- [Supplied data]
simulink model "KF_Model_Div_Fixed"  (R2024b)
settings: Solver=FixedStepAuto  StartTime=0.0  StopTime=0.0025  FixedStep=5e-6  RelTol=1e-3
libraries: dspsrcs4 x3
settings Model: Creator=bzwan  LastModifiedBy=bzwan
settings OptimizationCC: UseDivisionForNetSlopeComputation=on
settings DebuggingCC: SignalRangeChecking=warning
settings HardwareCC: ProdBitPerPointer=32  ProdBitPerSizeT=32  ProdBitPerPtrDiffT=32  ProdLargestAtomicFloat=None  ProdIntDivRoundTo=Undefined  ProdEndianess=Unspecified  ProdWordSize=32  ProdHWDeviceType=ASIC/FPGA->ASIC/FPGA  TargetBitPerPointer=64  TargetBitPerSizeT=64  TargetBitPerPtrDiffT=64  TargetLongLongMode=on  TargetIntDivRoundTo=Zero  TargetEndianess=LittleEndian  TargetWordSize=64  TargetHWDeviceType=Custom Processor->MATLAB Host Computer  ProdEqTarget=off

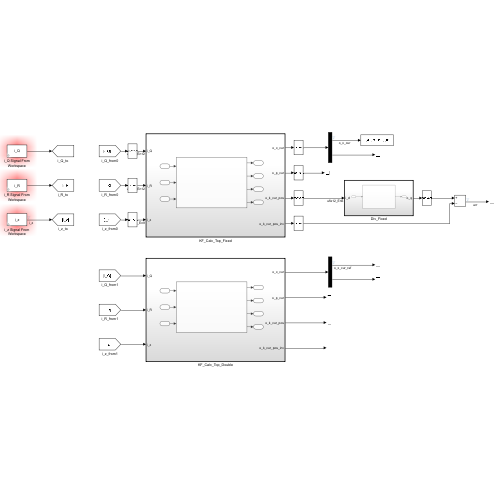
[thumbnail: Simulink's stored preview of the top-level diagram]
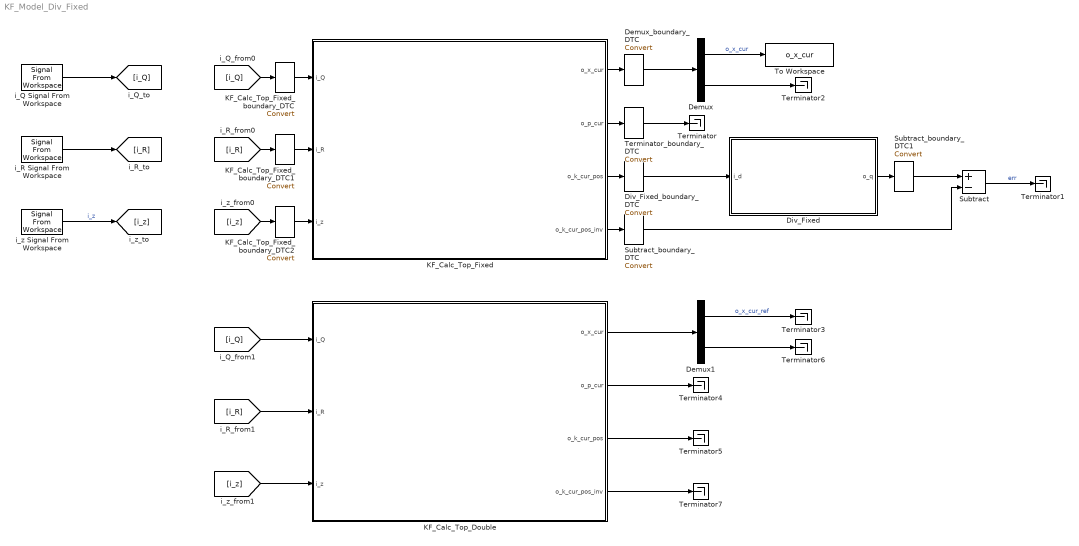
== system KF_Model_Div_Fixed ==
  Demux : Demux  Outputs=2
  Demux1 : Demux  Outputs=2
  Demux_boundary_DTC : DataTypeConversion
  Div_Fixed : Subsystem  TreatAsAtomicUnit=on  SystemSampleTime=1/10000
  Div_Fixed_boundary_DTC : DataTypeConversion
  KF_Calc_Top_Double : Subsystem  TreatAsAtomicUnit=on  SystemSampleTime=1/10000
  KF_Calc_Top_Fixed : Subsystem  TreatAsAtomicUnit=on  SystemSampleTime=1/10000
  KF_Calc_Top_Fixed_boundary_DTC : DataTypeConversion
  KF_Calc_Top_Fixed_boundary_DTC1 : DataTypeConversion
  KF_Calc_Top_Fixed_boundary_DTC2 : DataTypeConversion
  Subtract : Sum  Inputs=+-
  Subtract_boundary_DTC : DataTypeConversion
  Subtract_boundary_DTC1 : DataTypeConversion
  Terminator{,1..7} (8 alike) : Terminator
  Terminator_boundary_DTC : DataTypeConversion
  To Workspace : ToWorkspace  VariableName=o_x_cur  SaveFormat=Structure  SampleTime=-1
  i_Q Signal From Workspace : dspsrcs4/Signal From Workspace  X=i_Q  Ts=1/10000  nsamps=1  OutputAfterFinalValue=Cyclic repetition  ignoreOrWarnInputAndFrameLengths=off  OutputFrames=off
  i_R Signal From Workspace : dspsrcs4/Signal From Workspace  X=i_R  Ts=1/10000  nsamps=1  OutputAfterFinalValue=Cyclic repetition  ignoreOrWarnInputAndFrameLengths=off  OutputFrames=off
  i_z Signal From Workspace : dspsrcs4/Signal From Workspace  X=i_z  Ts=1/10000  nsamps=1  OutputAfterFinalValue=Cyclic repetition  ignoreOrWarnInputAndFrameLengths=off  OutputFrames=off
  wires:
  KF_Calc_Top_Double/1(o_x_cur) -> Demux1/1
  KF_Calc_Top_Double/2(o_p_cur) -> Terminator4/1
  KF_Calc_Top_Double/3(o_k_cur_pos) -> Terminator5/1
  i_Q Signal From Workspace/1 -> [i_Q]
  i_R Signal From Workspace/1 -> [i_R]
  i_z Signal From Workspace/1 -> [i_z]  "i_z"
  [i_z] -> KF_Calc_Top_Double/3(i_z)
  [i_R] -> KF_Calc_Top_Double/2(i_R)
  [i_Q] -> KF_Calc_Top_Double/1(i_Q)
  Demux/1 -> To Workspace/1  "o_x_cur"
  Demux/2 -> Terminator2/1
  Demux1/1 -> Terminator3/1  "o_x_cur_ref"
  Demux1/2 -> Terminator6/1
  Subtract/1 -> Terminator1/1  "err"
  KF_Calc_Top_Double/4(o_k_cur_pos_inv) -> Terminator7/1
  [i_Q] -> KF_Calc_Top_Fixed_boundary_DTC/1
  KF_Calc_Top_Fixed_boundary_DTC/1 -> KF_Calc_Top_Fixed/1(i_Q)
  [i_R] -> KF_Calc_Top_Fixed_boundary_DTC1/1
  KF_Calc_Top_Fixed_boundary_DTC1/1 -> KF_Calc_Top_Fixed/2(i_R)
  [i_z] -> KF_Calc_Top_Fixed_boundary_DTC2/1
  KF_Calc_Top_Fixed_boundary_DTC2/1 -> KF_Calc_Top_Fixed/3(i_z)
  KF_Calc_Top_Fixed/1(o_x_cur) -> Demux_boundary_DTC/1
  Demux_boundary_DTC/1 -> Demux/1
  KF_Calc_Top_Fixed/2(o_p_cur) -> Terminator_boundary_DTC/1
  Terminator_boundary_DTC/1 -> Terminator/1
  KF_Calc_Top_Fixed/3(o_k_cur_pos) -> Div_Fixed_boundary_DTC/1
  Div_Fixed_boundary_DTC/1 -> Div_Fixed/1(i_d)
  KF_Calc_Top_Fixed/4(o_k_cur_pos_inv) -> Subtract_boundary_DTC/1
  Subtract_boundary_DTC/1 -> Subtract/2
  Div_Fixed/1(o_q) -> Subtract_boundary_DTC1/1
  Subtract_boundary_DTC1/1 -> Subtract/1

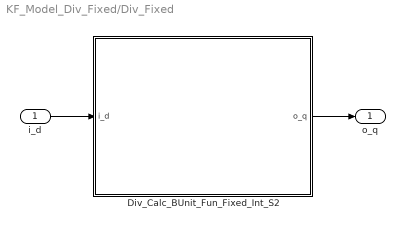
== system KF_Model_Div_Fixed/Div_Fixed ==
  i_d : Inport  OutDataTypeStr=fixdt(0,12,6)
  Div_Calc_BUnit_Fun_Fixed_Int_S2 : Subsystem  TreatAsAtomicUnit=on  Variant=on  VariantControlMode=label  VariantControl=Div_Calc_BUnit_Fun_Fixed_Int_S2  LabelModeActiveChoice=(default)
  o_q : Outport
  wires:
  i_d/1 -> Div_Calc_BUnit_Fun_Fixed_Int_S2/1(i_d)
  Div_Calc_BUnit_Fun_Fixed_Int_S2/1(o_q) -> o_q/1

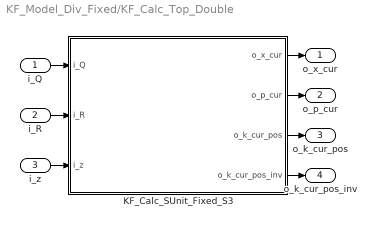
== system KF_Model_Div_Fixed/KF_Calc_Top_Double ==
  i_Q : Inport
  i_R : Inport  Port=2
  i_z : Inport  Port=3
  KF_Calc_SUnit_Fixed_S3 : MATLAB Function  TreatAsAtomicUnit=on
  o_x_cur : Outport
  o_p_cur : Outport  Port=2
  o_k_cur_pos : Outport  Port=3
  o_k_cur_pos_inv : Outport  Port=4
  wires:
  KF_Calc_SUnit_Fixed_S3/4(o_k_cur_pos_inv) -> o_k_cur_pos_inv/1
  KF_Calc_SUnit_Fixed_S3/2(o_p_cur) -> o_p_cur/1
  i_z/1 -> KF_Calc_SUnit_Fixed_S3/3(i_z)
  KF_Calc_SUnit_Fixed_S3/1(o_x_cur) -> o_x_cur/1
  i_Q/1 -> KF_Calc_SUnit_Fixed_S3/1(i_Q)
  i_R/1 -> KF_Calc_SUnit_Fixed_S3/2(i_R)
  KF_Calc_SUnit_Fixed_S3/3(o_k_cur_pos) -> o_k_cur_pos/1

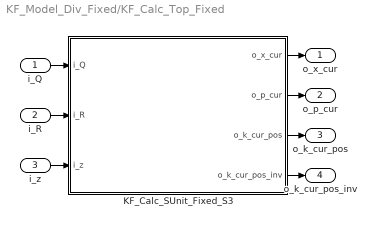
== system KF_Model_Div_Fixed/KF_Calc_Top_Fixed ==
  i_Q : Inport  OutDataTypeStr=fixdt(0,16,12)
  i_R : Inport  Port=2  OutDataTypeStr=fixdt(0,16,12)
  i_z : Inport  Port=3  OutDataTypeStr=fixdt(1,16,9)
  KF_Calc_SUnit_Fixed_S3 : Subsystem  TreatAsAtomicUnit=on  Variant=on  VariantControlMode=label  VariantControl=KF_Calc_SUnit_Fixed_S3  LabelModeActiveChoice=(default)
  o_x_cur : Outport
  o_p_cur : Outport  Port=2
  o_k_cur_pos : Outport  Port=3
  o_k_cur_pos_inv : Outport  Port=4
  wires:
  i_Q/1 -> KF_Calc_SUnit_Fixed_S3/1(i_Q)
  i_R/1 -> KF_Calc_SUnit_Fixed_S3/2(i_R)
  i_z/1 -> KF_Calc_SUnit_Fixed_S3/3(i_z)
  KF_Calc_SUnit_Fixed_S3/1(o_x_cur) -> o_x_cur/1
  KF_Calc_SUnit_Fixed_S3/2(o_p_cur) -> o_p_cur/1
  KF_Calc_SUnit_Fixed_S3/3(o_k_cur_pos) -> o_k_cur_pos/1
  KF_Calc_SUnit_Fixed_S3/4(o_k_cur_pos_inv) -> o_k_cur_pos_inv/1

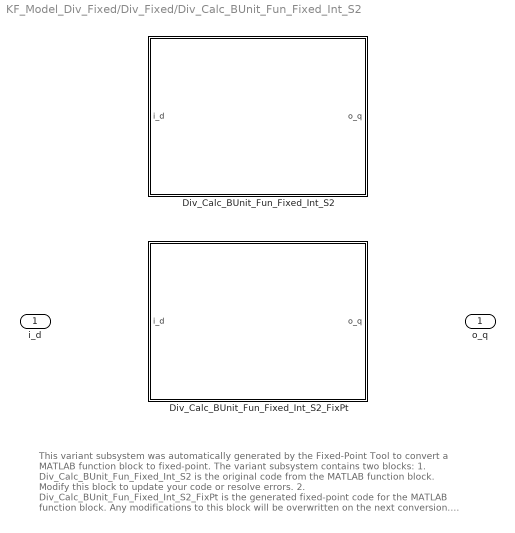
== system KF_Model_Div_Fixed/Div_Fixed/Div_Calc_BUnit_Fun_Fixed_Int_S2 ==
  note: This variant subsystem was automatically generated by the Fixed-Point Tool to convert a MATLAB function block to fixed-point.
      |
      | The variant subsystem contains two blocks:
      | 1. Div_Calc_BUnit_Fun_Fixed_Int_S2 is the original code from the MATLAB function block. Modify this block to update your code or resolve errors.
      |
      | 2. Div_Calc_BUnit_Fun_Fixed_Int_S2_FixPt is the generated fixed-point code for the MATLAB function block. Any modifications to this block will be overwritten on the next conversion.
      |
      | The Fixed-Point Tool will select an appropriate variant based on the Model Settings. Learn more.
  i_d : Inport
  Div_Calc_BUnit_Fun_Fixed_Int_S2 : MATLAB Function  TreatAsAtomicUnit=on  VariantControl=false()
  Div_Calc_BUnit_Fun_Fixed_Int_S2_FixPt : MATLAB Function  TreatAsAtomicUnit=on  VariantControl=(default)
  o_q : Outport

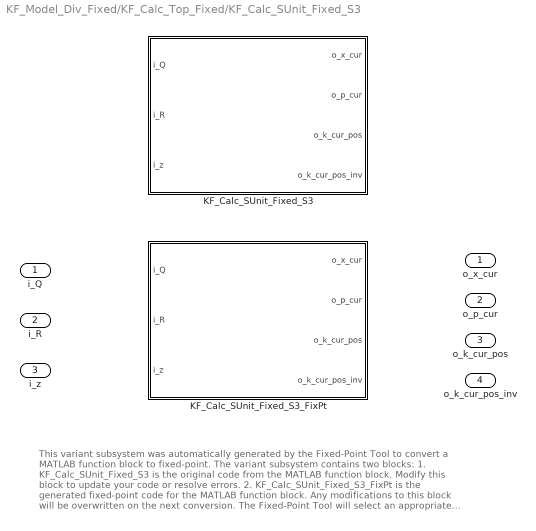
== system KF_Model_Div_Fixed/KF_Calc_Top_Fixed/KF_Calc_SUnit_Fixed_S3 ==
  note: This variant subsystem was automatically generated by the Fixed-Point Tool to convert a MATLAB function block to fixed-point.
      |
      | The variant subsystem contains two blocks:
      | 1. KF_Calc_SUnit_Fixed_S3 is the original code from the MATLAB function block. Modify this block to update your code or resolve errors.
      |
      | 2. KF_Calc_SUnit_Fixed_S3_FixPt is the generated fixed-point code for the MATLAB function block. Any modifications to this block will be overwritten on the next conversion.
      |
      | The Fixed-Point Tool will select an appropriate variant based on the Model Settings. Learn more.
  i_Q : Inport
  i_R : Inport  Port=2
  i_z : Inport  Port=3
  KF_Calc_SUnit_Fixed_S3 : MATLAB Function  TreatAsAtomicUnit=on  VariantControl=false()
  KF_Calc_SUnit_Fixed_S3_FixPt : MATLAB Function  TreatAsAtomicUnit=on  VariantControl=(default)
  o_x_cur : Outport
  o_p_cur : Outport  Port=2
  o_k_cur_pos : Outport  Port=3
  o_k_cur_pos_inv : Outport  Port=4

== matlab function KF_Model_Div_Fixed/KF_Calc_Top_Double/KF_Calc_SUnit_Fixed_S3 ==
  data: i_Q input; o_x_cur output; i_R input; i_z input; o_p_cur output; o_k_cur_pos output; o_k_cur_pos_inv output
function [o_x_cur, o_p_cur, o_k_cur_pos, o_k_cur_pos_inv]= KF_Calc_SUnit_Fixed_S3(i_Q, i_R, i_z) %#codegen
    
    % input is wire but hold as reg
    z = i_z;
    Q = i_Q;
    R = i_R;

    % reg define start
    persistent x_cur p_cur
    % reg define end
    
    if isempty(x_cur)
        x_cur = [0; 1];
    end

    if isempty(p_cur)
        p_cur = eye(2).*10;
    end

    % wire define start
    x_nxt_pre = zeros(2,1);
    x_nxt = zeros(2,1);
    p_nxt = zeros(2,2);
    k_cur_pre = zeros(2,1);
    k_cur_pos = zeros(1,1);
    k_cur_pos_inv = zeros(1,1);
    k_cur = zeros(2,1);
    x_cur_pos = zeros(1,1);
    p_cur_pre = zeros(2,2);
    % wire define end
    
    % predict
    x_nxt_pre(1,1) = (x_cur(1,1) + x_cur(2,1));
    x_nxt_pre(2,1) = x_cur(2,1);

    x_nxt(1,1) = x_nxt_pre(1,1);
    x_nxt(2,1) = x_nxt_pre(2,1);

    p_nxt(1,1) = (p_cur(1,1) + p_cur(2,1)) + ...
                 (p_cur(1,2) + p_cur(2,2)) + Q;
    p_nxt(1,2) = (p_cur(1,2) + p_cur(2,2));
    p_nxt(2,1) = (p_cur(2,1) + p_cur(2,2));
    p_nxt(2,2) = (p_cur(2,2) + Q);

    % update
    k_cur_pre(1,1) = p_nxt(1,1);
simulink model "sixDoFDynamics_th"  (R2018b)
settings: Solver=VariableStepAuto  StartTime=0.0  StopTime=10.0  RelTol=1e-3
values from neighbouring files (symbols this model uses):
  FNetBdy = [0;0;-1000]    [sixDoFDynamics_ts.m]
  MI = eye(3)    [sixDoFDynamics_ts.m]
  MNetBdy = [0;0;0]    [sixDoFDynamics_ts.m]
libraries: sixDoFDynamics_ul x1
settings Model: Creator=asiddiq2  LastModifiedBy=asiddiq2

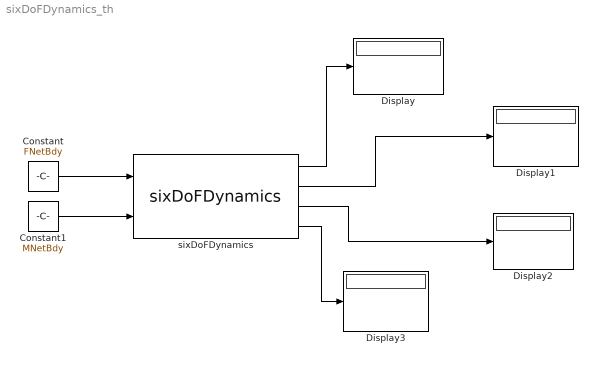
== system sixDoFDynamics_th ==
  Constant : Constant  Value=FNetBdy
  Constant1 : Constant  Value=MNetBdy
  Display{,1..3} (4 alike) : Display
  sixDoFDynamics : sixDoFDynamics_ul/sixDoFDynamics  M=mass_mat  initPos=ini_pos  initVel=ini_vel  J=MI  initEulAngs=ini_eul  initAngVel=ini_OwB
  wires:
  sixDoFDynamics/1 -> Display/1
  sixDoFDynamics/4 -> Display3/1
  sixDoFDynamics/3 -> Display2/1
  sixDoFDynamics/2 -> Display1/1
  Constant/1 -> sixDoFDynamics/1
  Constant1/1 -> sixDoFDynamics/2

- [Goal of the exercise]
In the records above, how many lines contain the string "false"? State that number only.

- [Task result]
2